In caso di insolvenza e incapienza della copertura assicurativa l’ente finanziatore ha comunque il diritto di trattenere in tutto o in parte il tfr cumulato. La durata del contratto di prestito non può superare i dieci anni. Andando più specificamente al rapporto con la previdenza complementare va ricordato come le chiavi di lettura sono fornite dagli Orientamenti Covip. Partendo dalla destinazione del tfr la Covip pone in evidenza come la cessione in garanzia del tfr non può considerarsi pregiudizievole al diritto del lavoratore di aderire a previdenza complementare e di conferirvi il tfr, sia in forma esplicita che tacita. Vanno però valutate da parte del potenziale aderente le possibili implicazioni derivanti dall’applicazione delle specifiche clausole del contratto di finanziamento. Per quel che riguarda le prestazioni si ritiene che rendita e capitale erogati da un fondo pensione o pip risultano cedibili nella misura di un quinto al netto delle ritenute fiscali e del trattamento minimo Inps. Identico ragionamento può essere condotto per le anticipazioni per spese sanitarie. Le somme a titolo di anticipazione non sono infatti assoggettate ad alcun vincolo di cedibilità, tranne quelle relative alle spese sanitarie, cedibili solo nella misura del quinto (al pari delle prestazioni). Viene allora ammessa dunque la facoltà dell’iscritto di impegnarsi contrattualmente verso l’istituto mutuante a non richiedere anticipazioni, con l’eccezione delle anticipazioni per spese sanitarie, in relazione alle quali l’impegno potrà riguardare unicamente la quota disponibile dall’iscritto, vale dire il quinto dell’ammontare dovuto dal fondo. Per evitare però che un simile impegno possa risultare eccessivamente oneroso l’impegno a non chiedere anticipazioni non può valere in termini assoluti ma solo con riferimento all’ammontare del prestito contratto e, progressivamente, man mano che viene rimborsato ratealmente, riferirsi al solo debito residuo.

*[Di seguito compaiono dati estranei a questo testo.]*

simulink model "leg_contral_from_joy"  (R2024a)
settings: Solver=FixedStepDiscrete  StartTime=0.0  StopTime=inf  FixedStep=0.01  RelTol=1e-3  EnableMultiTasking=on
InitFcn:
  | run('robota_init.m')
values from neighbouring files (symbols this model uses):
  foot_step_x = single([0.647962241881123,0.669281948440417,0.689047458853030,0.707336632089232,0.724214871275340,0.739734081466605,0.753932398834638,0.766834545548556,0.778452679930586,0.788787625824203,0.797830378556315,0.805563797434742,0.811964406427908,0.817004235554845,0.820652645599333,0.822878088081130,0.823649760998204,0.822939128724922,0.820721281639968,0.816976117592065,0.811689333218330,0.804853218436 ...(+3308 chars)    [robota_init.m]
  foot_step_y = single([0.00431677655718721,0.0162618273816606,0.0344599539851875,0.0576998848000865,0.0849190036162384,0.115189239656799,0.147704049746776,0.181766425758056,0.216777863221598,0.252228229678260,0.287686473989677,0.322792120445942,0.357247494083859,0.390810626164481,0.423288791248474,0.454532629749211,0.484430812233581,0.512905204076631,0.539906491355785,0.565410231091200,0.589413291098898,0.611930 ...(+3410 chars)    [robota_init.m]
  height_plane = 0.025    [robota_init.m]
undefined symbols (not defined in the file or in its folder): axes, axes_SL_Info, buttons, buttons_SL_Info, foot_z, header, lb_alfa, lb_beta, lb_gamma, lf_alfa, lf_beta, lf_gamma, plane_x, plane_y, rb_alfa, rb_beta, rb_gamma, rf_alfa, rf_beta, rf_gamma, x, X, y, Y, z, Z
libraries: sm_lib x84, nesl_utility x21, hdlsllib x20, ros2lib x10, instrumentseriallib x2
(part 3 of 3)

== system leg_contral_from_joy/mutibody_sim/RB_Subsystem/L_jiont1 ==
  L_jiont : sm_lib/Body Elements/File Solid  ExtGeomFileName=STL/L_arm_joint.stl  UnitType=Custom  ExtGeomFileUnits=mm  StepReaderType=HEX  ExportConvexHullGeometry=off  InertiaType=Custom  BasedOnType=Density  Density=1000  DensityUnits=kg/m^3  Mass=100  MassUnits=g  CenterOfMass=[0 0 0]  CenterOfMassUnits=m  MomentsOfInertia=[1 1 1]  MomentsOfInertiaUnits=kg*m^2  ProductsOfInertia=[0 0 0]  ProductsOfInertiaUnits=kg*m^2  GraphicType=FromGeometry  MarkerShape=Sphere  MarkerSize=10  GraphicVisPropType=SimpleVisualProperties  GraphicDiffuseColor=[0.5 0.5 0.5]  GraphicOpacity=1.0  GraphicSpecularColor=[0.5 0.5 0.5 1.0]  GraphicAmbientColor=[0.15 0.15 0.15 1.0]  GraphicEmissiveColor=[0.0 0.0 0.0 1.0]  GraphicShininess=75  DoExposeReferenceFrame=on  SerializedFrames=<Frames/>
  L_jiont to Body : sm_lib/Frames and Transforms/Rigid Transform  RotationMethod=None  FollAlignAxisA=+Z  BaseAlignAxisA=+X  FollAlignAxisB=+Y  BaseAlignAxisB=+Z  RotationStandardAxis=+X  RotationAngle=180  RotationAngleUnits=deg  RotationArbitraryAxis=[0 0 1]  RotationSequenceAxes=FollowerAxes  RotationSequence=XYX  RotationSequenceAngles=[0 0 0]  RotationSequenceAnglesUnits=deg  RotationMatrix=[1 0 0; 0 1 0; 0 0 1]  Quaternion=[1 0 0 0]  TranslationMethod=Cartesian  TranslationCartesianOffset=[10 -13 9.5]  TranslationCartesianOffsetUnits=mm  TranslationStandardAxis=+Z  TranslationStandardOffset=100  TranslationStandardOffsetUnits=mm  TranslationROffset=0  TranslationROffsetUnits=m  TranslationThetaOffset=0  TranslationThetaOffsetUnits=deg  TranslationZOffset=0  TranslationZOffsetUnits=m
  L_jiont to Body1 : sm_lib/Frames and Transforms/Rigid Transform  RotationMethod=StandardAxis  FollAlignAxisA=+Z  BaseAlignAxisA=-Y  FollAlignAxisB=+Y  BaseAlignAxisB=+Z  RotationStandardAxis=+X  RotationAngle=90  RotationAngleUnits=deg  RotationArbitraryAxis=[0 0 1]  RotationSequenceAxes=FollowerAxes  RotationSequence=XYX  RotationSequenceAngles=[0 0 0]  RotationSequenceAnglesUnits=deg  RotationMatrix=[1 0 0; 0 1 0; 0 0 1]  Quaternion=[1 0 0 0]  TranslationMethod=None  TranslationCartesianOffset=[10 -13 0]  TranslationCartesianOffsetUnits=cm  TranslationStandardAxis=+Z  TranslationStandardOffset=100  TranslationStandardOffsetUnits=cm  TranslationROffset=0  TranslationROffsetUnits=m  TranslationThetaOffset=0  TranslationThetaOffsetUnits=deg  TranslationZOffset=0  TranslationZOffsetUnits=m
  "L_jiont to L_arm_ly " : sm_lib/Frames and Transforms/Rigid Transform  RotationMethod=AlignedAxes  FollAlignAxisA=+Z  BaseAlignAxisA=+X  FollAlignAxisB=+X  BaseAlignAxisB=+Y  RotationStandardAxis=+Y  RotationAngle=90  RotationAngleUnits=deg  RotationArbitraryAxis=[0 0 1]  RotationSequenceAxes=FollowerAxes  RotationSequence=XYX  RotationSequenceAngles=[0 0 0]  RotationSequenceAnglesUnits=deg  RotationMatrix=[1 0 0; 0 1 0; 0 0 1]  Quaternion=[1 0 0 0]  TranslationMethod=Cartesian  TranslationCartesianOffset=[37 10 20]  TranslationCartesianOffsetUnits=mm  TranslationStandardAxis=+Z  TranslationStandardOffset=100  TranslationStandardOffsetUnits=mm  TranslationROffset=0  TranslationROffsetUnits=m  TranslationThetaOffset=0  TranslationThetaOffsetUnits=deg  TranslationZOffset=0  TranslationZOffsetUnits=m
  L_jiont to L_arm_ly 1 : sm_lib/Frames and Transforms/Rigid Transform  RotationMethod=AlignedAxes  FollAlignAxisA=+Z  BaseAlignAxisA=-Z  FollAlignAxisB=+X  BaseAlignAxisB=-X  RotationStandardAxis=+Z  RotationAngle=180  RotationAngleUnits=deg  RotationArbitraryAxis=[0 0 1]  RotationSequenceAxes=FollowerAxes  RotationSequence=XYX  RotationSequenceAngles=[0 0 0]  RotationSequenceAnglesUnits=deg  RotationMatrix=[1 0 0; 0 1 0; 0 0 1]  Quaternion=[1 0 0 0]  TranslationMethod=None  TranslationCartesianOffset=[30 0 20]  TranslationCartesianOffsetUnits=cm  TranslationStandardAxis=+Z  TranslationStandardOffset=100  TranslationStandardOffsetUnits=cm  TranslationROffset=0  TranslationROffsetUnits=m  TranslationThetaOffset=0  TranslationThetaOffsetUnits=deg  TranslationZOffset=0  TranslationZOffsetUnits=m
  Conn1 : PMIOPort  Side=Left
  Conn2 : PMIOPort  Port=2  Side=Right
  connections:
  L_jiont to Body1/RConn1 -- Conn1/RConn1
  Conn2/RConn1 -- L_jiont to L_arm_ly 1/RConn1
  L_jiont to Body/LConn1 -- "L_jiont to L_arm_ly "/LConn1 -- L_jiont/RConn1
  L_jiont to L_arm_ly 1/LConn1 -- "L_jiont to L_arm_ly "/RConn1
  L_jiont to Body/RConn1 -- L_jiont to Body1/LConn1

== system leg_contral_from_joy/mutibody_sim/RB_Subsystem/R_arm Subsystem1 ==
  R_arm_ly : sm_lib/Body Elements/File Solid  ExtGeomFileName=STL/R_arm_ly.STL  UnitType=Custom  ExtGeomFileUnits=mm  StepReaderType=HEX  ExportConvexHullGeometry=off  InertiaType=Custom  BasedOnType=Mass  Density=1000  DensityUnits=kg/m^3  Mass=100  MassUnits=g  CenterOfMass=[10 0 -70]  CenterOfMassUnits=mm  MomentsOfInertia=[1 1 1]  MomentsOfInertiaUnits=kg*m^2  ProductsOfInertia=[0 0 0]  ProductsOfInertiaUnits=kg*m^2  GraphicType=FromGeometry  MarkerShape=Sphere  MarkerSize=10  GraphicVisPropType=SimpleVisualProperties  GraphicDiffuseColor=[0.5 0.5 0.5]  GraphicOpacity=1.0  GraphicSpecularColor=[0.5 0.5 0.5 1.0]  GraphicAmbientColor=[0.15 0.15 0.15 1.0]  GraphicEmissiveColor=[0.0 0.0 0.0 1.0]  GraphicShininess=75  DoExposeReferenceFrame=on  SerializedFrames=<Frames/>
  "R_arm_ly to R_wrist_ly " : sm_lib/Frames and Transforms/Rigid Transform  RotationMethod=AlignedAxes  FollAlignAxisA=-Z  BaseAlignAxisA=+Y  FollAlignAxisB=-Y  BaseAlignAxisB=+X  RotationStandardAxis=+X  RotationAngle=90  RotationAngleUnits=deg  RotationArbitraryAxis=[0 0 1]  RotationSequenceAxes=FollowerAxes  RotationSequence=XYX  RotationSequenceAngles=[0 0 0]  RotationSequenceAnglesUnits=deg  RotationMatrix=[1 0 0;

Procedendo poi alla disamina della fase di cessazione del rapporto di lavoro vanno analizzati due casistiche. In primo luogo con il riscatto da parte del lavoratore al ricorrere dei requisiti previsti dalla normativa previdenziale, il fondo pensione dovrà chiedere all’istituto mutuante il benestare alla liquidazione (per verificare che il debito sia o meno stato estinto) o, in alternativa, l’iscritto stesso, in sede di presentazione della richiesta di riscatto, potrà presentare il benestare della società alla liquidazione.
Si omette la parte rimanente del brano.